## Extracted material
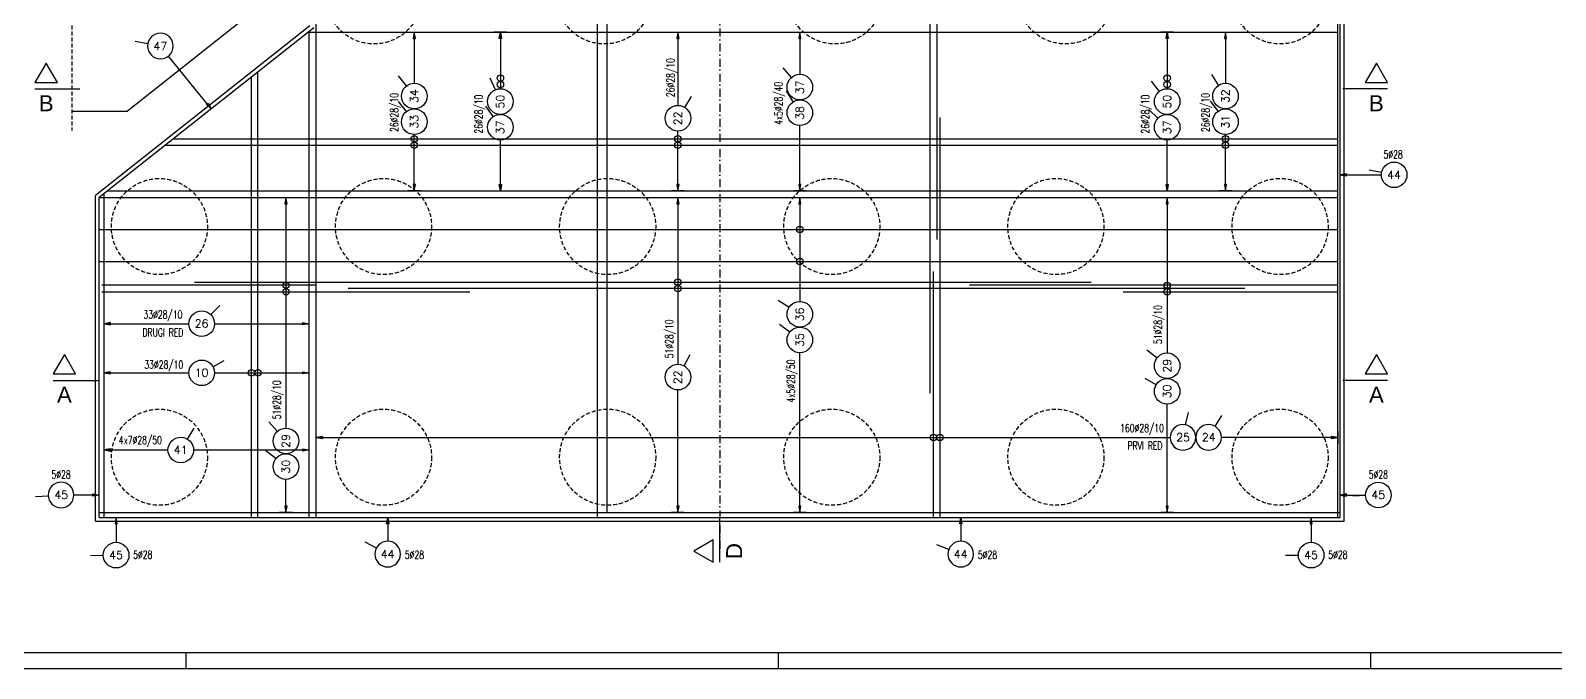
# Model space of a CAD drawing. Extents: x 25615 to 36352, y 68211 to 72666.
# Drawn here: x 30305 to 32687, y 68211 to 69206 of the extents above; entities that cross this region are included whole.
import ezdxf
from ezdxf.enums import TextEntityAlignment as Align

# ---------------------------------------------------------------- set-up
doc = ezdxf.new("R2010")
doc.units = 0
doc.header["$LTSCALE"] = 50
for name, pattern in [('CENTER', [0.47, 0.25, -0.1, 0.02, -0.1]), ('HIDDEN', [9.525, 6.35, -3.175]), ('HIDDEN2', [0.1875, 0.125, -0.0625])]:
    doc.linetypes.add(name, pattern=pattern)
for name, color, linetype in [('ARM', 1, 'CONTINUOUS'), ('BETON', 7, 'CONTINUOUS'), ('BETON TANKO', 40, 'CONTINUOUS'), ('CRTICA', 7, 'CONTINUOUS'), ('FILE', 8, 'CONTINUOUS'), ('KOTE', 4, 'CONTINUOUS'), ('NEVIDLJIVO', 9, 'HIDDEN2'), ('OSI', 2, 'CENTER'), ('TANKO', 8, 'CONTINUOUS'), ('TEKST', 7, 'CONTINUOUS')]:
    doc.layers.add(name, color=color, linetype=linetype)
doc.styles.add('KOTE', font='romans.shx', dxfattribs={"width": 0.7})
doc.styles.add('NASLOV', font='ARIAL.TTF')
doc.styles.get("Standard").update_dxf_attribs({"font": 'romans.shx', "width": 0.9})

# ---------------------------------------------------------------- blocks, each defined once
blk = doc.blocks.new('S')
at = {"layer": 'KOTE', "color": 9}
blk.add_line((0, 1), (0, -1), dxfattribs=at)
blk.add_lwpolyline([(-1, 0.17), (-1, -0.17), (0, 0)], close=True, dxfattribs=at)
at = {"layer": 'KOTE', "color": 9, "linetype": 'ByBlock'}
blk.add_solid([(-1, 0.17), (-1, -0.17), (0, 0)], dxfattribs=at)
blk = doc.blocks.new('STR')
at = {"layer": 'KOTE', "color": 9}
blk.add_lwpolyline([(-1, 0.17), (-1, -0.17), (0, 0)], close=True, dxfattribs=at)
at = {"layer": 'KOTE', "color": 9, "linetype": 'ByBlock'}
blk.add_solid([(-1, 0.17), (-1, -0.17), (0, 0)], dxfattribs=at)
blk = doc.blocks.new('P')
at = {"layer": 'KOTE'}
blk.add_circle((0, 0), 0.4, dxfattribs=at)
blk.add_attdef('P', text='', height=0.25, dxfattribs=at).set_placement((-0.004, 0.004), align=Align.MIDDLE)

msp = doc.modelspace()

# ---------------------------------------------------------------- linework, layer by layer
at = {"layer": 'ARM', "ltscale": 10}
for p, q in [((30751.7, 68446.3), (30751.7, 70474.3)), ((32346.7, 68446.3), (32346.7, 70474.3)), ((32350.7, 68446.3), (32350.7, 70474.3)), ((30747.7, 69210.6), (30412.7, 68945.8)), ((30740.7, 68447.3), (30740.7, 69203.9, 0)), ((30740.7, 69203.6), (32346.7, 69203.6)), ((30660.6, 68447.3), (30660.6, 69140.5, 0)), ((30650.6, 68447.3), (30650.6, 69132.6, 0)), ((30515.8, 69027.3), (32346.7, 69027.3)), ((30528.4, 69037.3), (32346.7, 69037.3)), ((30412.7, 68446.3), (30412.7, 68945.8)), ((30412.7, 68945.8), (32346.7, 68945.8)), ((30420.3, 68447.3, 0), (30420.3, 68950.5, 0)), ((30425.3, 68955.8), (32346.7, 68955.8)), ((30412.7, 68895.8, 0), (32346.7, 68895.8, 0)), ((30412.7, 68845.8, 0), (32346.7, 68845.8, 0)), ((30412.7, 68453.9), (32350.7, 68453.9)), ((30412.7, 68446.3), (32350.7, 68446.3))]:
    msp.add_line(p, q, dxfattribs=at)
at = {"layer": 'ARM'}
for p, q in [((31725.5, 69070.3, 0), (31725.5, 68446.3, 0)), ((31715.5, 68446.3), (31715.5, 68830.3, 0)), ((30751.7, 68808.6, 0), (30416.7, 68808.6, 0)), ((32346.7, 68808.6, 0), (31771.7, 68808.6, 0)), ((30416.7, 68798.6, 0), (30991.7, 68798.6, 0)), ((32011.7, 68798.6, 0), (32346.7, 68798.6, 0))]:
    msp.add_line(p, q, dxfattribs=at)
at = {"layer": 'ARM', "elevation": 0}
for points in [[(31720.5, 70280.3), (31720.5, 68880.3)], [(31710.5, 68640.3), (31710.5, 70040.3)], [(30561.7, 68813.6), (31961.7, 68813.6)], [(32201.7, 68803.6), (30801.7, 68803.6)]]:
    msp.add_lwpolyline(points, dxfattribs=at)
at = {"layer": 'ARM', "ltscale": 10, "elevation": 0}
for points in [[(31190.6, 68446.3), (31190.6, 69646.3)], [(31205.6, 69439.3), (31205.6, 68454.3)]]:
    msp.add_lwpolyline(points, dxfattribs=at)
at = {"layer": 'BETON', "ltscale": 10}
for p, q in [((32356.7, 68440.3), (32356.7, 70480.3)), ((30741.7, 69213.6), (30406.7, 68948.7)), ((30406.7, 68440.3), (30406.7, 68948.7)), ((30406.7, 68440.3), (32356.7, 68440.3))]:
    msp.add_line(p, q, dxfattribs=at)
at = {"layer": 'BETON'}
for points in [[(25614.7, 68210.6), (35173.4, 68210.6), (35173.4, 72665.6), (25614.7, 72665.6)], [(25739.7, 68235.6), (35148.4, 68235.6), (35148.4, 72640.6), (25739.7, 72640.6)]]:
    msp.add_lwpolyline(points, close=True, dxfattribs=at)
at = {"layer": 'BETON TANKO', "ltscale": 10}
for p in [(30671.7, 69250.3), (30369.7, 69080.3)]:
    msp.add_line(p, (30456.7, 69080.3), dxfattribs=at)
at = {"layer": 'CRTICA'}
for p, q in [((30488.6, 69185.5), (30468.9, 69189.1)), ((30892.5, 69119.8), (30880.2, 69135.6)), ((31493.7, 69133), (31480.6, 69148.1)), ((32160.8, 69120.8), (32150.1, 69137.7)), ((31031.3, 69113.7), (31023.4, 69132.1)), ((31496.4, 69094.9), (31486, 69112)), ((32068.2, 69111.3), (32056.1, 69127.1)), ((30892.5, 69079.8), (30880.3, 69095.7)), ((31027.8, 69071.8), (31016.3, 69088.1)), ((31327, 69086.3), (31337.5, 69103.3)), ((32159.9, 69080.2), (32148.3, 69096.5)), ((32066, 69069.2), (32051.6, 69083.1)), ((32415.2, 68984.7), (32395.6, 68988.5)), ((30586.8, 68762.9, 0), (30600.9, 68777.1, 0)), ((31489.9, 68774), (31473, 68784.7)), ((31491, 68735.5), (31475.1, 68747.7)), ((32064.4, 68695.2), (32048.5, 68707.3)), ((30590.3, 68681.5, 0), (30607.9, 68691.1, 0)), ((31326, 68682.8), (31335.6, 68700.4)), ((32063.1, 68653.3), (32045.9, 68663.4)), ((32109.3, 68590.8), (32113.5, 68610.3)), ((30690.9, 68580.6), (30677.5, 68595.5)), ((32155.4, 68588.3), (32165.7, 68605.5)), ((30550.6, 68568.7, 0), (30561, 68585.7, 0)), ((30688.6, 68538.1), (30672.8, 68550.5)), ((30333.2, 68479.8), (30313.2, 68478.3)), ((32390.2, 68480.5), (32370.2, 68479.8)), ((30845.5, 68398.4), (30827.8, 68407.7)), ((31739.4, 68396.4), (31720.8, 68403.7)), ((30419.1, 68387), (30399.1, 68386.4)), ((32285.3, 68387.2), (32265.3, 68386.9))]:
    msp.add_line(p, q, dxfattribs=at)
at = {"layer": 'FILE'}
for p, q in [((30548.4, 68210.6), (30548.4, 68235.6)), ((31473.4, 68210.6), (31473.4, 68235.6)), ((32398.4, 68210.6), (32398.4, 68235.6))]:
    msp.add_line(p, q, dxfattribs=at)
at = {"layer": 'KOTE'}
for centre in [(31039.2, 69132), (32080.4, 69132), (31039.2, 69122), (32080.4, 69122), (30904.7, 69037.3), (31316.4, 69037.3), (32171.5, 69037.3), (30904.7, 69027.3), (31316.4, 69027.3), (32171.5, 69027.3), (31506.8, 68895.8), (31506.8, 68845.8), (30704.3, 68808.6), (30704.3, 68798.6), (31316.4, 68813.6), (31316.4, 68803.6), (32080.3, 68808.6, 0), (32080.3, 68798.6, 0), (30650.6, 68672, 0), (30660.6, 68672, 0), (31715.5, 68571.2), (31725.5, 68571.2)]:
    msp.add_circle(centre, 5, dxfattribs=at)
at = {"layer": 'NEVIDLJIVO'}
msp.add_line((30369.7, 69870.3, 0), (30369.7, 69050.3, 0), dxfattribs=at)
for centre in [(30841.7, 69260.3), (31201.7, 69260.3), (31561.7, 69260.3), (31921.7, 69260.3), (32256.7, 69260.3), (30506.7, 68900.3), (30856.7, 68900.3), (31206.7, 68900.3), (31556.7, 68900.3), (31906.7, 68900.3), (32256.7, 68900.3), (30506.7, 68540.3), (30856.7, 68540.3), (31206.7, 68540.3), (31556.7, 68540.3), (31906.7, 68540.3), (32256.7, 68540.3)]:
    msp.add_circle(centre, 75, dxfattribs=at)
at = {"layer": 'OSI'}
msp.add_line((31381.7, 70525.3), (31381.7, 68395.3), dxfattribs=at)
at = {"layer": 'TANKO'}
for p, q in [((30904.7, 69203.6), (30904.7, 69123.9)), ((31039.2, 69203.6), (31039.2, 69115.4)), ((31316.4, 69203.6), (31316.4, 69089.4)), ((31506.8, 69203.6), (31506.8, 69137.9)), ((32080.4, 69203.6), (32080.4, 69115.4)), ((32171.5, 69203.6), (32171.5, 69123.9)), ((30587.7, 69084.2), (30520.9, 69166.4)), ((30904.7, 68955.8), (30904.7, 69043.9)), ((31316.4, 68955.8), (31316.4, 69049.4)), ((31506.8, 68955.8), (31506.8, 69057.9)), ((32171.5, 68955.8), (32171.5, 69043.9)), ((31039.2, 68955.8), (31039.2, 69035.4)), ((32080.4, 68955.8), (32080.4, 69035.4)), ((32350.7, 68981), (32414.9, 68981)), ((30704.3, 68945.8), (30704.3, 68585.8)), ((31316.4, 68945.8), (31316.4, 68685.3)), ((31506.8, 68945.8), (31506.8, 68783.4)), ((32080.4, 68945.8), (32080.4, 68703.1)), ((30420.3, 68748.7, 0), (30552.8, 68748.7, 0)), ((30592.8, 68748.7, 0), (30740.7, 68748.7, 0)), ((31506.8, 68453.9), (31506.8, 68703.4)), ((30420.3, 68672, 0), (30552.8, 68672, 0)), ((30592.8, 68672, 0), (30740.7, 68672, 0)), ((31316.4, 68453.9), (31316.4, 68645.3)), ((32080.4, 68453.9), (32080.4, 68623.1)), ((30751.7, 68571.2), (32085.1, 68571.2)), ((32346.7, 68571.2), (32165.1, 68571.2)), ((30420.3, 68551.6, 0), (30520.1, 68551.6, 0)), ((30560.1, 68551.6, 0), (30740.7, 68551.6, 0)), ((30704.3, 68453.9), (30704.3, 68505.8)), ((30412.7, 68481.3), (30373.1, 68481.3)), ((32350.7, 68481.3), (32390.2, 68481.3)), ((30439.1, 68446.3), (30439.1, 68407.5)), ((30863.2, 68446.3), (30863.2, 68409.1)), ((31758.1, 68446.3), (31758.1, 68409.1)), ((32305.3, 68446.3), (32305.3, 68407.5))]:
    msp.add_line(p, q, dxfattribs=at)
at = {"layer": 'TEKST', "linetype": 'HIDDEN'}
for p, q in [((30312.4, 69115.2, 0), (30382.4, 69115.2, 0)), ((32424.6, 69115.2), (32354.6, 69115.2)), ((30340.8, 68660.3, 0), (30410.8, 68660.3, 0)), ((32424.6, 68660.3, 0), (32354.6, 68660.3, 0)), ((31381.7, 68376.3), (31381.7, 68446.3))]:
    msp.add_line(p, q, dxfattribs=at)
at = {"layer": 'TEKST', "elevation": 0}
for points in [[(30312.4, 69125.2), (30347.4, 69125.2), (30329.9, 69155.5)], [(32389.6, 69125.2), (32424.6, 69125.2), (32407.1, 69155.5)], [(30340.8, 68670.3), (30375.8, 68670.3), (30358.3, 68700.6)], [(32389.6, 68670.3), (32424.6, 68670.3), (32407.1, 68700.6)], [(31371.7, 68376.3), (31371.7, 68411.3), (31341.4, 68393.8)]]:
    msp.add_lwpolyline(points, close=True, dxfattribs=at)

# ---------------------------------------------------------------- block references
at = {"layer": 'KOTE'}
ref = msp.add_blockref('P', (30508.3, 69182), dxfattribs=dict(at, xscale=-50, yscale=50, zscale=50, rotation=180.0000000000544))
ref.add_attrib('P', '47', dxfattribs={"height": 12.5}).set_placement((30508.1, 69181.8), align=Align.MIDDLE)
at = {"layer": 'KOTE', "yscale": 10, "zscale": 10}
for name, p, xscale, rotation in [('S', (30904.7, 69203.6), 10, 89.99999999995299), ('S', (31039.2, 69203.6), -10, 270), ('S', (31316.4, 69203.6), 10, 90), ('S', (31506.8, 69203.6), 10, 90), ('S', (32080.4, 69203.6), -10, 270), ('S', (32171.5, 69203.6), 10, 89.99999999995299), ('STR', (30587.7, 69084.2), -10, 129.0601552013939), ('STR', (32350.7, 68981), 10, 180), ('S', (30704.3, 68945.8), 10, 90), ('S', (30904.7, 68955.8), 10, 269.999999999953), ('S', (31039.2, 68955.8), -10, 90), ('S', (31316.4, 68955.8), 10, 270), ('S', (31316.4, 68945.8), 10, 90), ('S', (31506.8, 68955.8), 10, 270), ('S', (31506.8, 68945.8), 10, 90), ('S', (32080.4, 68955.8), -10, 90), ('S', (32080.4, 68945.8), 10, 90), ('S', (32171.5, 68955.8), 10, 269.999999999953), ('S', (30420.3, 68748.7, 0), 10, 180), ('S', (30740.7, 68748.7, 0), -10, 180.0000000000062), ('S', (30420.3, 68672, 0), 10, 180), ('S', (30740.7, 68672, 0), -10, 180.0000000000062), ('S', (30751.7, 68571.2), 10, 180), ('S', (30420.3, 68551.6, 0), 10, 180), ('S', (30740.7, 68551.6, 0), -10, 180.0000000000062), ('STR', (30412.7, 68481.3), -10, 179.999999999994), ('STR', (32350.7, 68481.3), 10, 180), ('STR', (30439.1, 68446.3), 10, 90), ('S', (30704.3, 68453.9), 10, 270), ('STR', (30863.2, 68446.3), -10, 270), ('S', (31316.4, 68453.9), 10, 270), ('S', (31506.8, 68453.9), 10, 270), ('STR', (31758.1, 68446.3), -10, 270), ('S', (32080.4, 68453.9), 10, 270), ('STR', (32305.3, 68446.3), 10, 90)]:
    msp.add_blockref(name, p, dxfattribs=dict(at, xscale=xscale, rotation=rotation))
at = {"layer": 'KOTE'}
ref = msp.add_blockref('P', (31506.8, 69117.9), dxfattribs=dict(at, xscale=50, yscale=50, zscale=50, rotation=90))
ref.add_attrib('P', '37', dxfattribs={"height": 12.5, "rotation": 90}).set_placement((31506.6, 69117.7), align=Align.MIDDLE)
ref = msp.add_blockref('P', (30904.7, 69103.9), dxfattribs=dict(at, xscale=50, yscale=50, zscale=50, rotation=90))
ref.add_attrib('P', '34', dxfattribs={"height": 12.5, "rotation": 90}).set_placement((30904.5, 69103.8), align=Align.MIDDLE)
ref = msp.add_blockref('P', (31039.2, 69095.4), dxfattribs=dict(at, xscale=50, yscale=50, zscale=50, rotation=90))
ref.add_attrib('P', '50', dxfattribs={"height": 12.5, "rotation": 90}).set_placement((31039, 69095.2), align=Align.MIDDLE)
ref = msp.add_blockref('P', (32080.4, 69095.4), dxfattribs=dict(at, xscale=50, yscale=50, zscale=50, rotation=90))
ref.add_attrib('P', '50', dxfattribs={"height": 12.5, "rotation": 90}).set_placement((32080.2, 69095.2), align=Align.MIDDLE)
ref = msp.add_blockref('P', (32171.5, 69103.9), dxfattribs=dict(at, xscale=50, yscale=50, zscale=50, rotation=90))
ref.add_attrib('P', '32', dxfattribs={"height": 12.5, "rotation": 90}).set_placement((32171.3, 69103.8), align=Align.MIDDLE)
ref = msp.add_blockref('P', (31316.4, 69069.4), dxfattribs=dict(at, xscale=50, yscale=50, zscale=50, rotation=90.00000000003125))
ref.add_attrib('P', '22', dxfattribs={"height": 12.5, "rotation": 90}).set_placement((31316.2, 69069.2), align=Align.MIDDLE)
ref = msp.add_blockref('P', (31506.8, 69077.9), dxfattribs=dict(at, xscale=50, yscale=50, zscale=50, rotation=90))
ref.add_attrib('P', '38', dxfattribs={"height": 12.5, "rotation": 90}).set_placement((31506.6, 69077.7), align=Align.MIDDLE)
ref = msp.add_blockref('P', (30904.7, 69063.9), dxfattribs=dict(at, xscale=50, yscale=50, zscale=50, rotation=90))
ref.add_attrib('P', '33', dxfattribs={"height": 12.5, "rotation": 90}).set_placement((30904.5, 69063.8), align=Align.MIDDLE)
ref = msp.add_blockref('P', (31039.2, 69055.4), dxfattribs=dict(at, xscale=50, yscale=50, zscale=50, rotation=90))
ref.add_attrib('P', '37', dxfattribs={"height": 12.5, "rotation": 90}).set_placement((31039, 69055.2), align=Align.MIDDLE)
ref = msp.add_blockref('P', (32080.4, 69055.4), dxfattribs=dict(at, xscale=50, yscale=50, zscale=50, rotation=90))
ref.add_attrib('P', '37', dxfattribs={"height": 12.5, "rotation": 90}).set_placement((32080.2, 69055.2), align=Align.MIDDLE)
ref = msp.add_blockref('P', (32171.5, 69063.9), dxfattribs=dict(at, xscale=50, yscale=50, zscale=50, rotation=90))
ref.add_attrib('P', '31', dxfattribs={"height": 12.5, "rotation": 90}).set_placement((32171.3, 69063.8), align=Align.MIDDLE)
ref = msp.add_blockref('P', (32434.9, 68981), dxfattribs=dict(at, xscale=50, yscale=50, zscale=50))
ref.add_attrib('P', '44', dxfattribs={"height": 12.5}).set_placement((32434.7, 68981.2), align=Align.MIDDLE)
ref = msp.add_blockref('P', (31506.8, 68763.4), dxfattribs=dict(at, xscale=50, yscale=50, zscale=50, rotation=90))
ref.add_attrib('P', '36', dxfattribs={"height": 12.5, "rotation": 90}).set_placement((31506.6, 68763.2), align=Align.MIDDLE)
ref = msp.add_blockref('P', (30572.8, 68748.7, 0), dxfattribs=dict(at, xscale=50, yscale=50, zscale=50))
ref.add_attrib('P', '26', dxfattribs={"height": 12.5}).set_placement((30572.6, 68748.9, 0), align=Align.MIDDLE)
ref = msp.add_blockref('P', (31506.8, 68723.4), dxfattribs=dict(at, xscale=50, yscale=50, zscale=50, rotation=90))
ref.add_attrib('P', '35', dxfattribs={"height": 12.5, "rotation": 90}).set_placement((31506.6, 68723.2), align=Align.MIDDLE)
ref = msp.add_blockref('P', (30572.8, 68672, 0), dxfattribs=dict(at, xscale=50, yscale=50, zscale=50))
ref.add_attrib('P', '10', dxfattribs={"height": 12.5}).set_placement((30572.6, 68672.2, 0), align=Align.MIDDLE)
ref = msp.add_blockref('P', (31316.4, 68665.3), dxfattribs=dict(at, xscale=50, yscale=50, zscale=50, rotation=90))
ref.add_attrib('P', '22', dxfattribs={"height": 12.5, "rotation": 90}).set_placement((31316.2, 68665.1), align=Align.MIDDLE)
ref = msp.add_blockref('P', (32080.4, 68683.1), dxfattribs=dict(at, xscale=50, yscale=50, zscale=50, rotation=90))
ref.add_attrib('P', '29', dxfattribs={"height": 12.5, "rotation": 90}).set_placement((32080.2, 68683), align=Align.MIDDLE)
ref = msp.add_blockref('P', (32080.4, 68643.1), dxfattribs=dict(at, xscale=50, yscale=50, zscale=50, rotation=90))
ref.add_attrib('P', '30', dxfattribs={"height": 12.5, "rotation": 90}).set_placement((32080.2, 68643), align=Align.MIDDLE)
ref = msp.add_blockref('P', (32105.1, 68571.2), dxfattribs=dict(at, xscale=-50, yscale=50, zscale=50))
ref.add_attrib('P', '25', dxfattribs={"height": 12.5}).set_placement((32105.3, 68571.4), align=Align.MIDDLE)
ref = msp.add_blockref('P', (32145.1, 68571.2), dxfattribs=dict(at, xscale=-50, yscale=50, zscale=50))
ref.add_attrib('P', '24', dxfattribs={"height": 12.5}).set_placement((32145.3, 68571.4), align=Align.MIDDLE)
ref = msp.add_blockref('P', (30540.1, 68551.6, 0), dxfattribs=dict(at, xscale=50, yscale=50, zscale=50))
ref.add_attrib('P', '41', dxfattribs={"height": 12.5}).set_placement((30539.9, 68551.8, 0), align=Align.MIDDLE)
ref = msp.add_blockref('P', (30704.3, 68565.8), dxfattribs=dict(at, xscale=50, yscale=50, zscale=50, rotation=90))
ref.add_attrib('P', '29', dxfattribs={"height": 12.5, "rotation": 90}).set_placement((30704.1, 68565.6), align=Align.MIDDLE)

## What to work on
Return the lines of the records that include the string "blocks".

## Answer box
# ---------------------------------------------------------------- blocks, each defined once
blk = doc.blocks.new('S')
blk = doc.blocks.new('STR')
blk = doc.blocks.new('P')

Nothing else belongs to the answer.